Um Berlin (Hintergrund)
Nicht nur Fotografien zeugen von Berlins Aufstieg zur Metropole im frühen 20. Jahrhundert. Auch in Zeichnungen und Grafik finden sich vielfältige Zeugnisse für die rasante Entwicklung der Stadt. Zugleich bieten diese Arbeiten faszinierende Einblicke in eine Epoche künstlerischen Aufbruchs.
In der zweiten Hälfte des 18. und der ersten Hälfte des 19. Jahrhunderts war die Darstellung des Stadtbildes ein Schwerpunkt künstlerischen Schaffens in Berlin. Besonders die Sehenswürdigkeiten der preußischen Metropole, allen voran das Berliner Schloss, waren beliebte Motive. Das nähere Umland präsentierte sich in den Darstellungen hingegen noch in vorindustrieller Idylle. Ab etwa 1830 vereinzelt aufragende rauchende Schornsteine wurden von der Kunst allenfalls als malerische Zeichen in der Landschaft wahrgenommen.
Am Ende des 19. Jahrhunderts war die Situation ein völlig andere. Das Gebiet der historischen Kernstadt war zu großen Teilen umgestaltet worden, ein Ring aus Mietskasernenvierteln legte sich um sie. Der Maler und Zeichner Julius Jacob wurde zu einem Künstler-Chronisten des verschwindenden „Alt-Berlin“. Er dokumentierte aber auch das Neue, beispielsweise die Anlagen der Stadtbahn an der Jannowitzbrücke und den im Umbruch befindlichen Potsdamer Platz. Jacob erfasste wie Lesser Ury und andere, die der Künstlervereinigung Berliner Secession nahestanden, das Wesen der sich im steten Wandel befindlichen modernen Großstadt. Darin folgten sie den künstlerischen Auffassungen des französischen Impressionismus.
Die größten und nachdrücklichsten Veränderungen erlebten aber die Vorort-Gemeinden und die sie umgebende Landschaft, die innerhalb weniger Jahrzehnte kaum noch wiederzuerkennen waren. Zu den hervorstechendsten Merkmalen dieses Wandels zählten die Verlagerung von Industrie aus dem Zentrum Berlins in die nördliche und südöstliche Umgebung, die aus dem Boden gestampften Vorstädte mit ihren Wohnvierteln sowie die Villenkolonien für die Wohlhabenden im Westen. Ein Motor dieser Entwicklung war die Eisenbahn, die – ausgehend von den Berliner Kopfbahnhöfen – wie ein Spinnennetz das Umland durchzog.

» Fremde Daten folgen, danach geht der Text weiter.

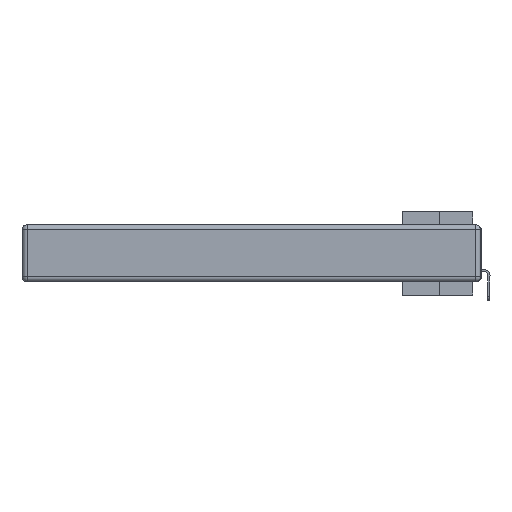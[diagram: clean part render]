
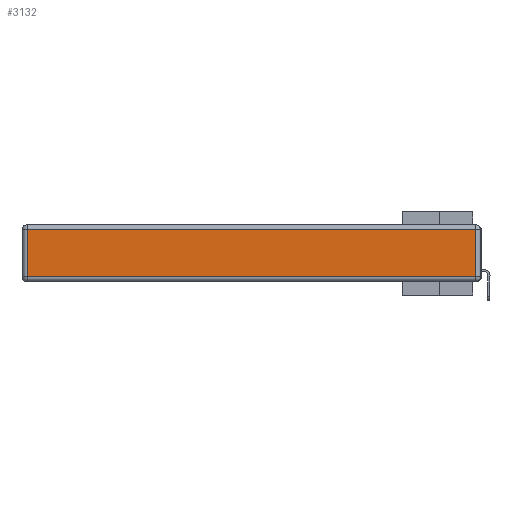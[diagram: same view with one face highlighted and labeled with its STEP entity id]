
A CAD part, left-side view. The second image highlights one B-rep face of the part: STEP entity #3132.
In plain terms, the highlighted planar face has unit normal (-1, 0, 0).
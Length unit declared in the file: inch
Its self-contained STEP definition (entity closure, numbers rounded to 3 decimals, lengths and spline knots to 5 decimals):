
#1151 = VECTOR ( 'NONE', #7720, 39.37008 ) ;
#2394 = VERTEX_POINT ( 'NONE', #6719 ) ;
#3132 = ADVANCED_FACE ( 'NONE', ( #5025 ), #33889, .T. ) ;
#5025 = FACE_OUTER_BOUND ( 'NONE', #7426, .T. ) ;
#5173 = EDGE_CURVE ( 'NONE', #5293, #2394, #16793, .T. ) ;
#5293 = VERTEX_POINT ( 'NONE', #20143 ) ;
#5937 = CARTESIAN_POINT ( 'NONE',  ( 0., 0., -0.313 ) ) ;
#6719 = CARTESIAN_POINT ( 'NONE',  ( 0., 0.03, -0.03 ) ) ;
#7426 = EDGE_LOOP ( 'NONE', ( #36080, #18846, #19686, #12301 ) ) ;
#7720 = DIRECTION ( 'NONE',  ( 0., 1., 0. ) ) ;
#11978 = CARTESIAN_POINT ( 'NONE',  ( 0., 0., -0.343 ) ) ;
#12301 = ORIENTED_EDGE ( 'NONE', *, *, #34546, .T. ) ;
#13002 = DIRECTION ( 'NONE',  ( 0., 0., -1. ) ) ;
#14606 = CARTESIAN_POINT ( 'NONE',  ( 0., 2.72, -0.03 ) ) ;
#16793 = LINE ( 'NONE', #31822, #35661 ) ;
#17903 = VERTEX_POINT ( 'NONE', #14606 ) ;
#18513 = EDGE_CURVE ( 'NONE', #23166, #5293, #35971, .T. ) ;
#18846 = ORIENTED_EDGE ( 'NONE', *, *, #5173, .T. ) ;
#18878 = EDGE_CURVE ( 'NONE', #2394, #17903, #39352, .T. ) ;
#19411 = AXIS2_PLACEMENT_3D ( 'NONE', #11978, #30574, #30846 ) ;
#19686 = ORIENTED_EDGE ( 'NONE', *, *, #18878, .T. ) ;
#20143 = CARTESIAN_POINT ( 'NONE',  ( 0., 0.03, -0.313 ) ) ;
#23166 = VERTEX_POINT ( 'NONE', #25819 ) ;
#25588 = CARTESIAN_POINT ( 'NONE',  ( 0., 2.72, -0.343 ) ) ;
#25819 = CARTESIAN_POINT ( 'NONE',  ( 0., 2.72, -0.313 ) ) ;
#25976 = VECTOR ( 'NONE', #40324, 39.37008 ) ;
#27200 = LINE ( 'NONE', #25588, #35660 ) ;
#30574 = DIRECTION ( 'NONE',  ( -1., 0., 0. ) ) ;
#30846 = DIRECTION ( 'NONE',  ( 0., 0., 1. ) ) ;
#31822 = CARTESIAN_POINT ( 'NONE',  ( 0., 0.03, -0.343 ) ) ;
#31961 = DIRECTION ( 'NONE',  ( 0., 0., 1. ) ) ;
#33889 = PLANE ( 'NONE',  #19411 ) ;
#34546 = EDGE_CURVE ( 'NONE', #17903, #23166, #27200, .T. ) ;
#35660 = VECTOR ( 'NONE', #13002, 39.37008 ) ;
#35661 = VECTOR ( 'NONE', #31961, 39.37008 ) ;
#35971 = LINE ( 'NONE', #5937, #25976 ) ;
#36080 = ORIENTED_EDGE ( 'NONE', *, *, #18513, .T. ) ;
#39352 = LINE ( 'NONE', #39453, #1151 ) ;
#39453 = CARTESIAN_POINT ( 'NONE',  ( 0., 2.75, -0.03 ) ) ;
#40324 = DIRECTION ( 'NONE',  ( 0., -1., 0. ) ) ;

Der Schriftsteller Georg Hermann schrieb im Vorwort zu dem Mappenwerk: „Und dann wieder gut ein weiteres Jahrzehnt war ich immer in den neuen Vierteln, draußen am Rand, an der Lisière (Anm. d. Red.: am Waldrand), in den Vororten. Zehnmal wohl habe ich dasselbe Bild sich wiederholen sehen. Und stets war es ein wenig anders. Stets hat sich das Gesicht der Straßen, der Menschen, des Verkehrs etwas verändert und verschoben. Und noch bin ich nicht satt geworden, diesem Spiel zu folgen. Ja, es ist eigentlich für mich heute das Sinnbild dessen, was mir als Berlin erscheint. Und wenn ich irgend wo anders bin, und ich denke an Berlin zurück, dann denke ich nicht an Schloß und Linden oder an all die Dinge, die man als Wahrzeichen von Berlin empfindet, sondern draußen an meine Gegend denke ich, an irgend etwas, das im vorigen Jahr noch Bauplatz war und in diesem Jahr schon eine Häuserreihe mit weißen geteilten Fenstern und mit runden, goldumgitterten Balkons trägt. (…) Alles daran ist neu, reizvoll und unentdeckt. Nichts ist abgespielt und langweilig. Und das Neue, Reizvolle und Unentdeckte, das ist es auch, was uns (…) jahraus, jahrein draußen an unseren Vorstadtrand fesselt.“
Zu den noch von der Berliner Secession beeinflussten impressionistischen Darstellungen gesellen sich kurz vor dem Ersten Weltkrieg und in den ersten Nachkriegsjahren expressive Tendenzen, wie sie überwiegend von den jüngeren Künstler:innen in der 1914 gegründeten Freien Secession vertreten wurden. Im weiteren Verlauf der 1920er Jahre überwiegen dann realistische Sichtweisen, die man unter dem Dach der Neuen Sachlichkeit zusammenfassen kann. Diese Entwicklung lässt sich auch in der jungen Kunstform des Plakats erkennen, von der in unserer Online-Präsentation des Foto-Grafischen Kabinetts mit dem Titel „Um Berlin“ einige Beispiele vertreten sind.